### RECORD EXCERPTS
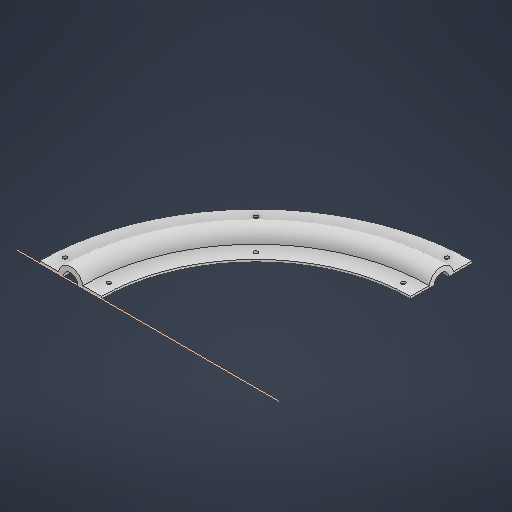
# Autodesk Inventor part: ph-l_mk1
Saved by Autodesk Inventor 2026.1 (Build 301233000, 233)
## iProperties
Created: 2025-11-03
Part Number: ph-l_mk1
Material: Generisch
Document SubType Name: Modeling
Designer: RunHD
Density: 1 g/cm^3
Appearance: Vorgabe
Author: RunHD
Autodesk Inventor part; units mm, degrees
ref_plane "YZ Plane" through (0, 0, 0) normal (1, 0, 0) x (0, 1, 0)
ref_plane "XZ Plane" through (0, 0, 0) normal (0, 1, 0) x (-1, 0, 0)
ref_plane "XY Plane" through (0, 0, 0) normal (0, 0, 1) x (1, 0, 0)
sketch "Skizze1" plane through (0, 0, 0) normal (0, 0, 1) x (1, 0, 0)
  arc A0 (0, 180) -> (-180, 0) centre (0, 0) ccw
  line L0 (-260.7351, 0) -> (43.4558, 0) projected
  line L1 (0, -43.4558) -> (0, 260.7351) projected
  dimension "d0" = 180
  dimension "d1" = 90
  constraints: 2 point on circle, 1 centre point, 1 coincident, 1 point on line
  measures "d0" radius of A0
sketch "Skizze2" plane through (0, 0, 0) normal (0, 1, 0) x (-1, 0, 0)
  line L0 (0, -42) -> (0, 42) projected
  circle A0 centre (180, 0) radius 7
  line L1 (252, 0) -> (-42, 0) projected
  circle A1 centre (180, 0) radius 12
  line L2 (191.9553, 0) -> (168, 0)
  line L3 (173, 0) -> (160, 0)
  line L4 (173, 2) -> (173, 0)
  line L5 (187, 0) -> (200, 0)
  line L6 (187, 2) -> (187, 0)
  circle A2 centre (180, 0) radius 30
  line L7 (187, 2) -> (209.9333, 2)
  line L8 (173, 2) -> (150.0667, 2)
  point P0 (0, 0)
  point P1 (173, 0)
  point P2 (168, 0)
  point P3 (192, 0)
  point P4 (191.8322, 2)
  point P5 (168.1678, 2)
  point P6 (150, 0)
  point P7 (210, 0)
  dimension "d5" = 24
  dimension "d3" = 180
  dimension "d4" = 14
  dimension "d16" = 60
  dimension "d17" = 2
  dimension "d18" = 23
  dimension "d19" = 7
  constraints: 14 end point, 5 point on line, 4 point on circle, 3 horizontal, 2 centre point, 1 collinear, 5 other
  measures "d3" distance from line of L0 A0.centre
  measures "d4" diameter of A0
  measures "d16" diameter of A2
  measures "d17" distance between parallel lines of L3 L8
  measures "d18" distance edge to line of A2 L4
  measures "d19" distance from line of A2.centre L6
sweep "Sweeping1" add profiles "Skizze2" path "Skizze1" path curves A0 contours L6 L7 A1 L1 | A0 L4 L8 A1 L7 L6 | L1 A1 L8 L4 | L1 A2 L8 A1 | A1 L7 A2 L1
sketch "Skizze7" plane through (-168.1678, 0, 2) normal (0, 0, 1) x (1, 0, 0)
  line L0 (18.1678, 0) -> (18.1678, -3) projected
  line L1 (0, 0) -> (18.1011, 0) projected
  line L2 (168.1678, 150) -> (171.1678, 150) projected
  line L3 (168.1678, 168.1678) -> (168.1678, 150.0667) projected
  line L4 (168.1678, 210) -> (171.1678, 210) projected
  arc A0 (168.1678, 150.0667) -> (18.1011, 0) centre (168.1678, 0) ccw projected
  circle A1 centre (168.1678, 0) radius 168 projected
  line L5 (-41.8322, 0) -> (-41.8322, -3) projected
  point P0 (10.1678, 15)
  point P1 (56.0828, 112.085)
  point P2 (153.1678, 158)
  dimension "d36" = 8
  dimension "d37" = 15
  dimension "d38" = 8
  dimension "d39" = 15
  dimension "d41" = 97.915
  dimension "d42" = 97.915
  measures "d36" distance from line of L0 point (10.168, 15)
  measures "d37" distance from line of L1 point (10.168, 15)
  measures "d38" distance from line of L2 point (153.168, 158)
  measures "d39" distance from line of L3 point (153.168, 158)
  measures "d41" distance from line of point (56.083, 112.085) L4
  measures "d42" distance from line of point (56.083, 112.085) L5
hole "Bohrung1" at (-158, 15, 2) at (-112.085, 112.085, 2) at (-15, 158, 2) direction (0, 0, -1) diameter 4 depth 8
sketch "Skizze8" plane through (-209.9333, 0, 2) normal (0, 0, 1) x (1, 0, 0)
  line L0 (-0.0667, 0) -> (-0.0667, -3) projected
  line L1 (0, 0) -> (18.1011, 0) projected
  line L2 (209.9333, 209.9333) -> (209.9333, 191.8322) projected
  line L3 (209.9333, 210) -> (212.9333, 210) projected
  arc A0 (209.9333, 168.1678) -> (41.7654, 0) centre (209.9333, 0) ccw projected
  circle A1 centre (209.9333, 0) radius 200.8827
  point P0 (209.9333, 0)
  point P1 (9.6113, 15)
  point P2 (67.8861, 142.044)
  point P3 (194.9333, 200.3219)
  dimension "d51" = 15
  dimension "d52" = 15
  dimension "d54" = 142.044
  dimension "d59" = 401.7655
  dimension "d60" = 142.0471
  constraints: 3 point on circle, 1 centre point, 1 coincident
  measures "d51" distance from line of L1 A1.end
  measures "d52" distance from line of L2 A1.start
  measures "d54" distance from line of point (67.886, 142.044) L1
  measures "d59" diameter of A1
  measures "d60" distance from line of L2 point (67.886, 142.044)
hole "Bohrung3" at (-200.3219, 15, 2) at (-142.0471, 142.044, 2) at (-15, 200.3219, 2) direction (0, 0, -1) diameter 4 depth 8

### THE TASK
State how many lines of the listing include "depth", and write nothing else.

### RESULT
2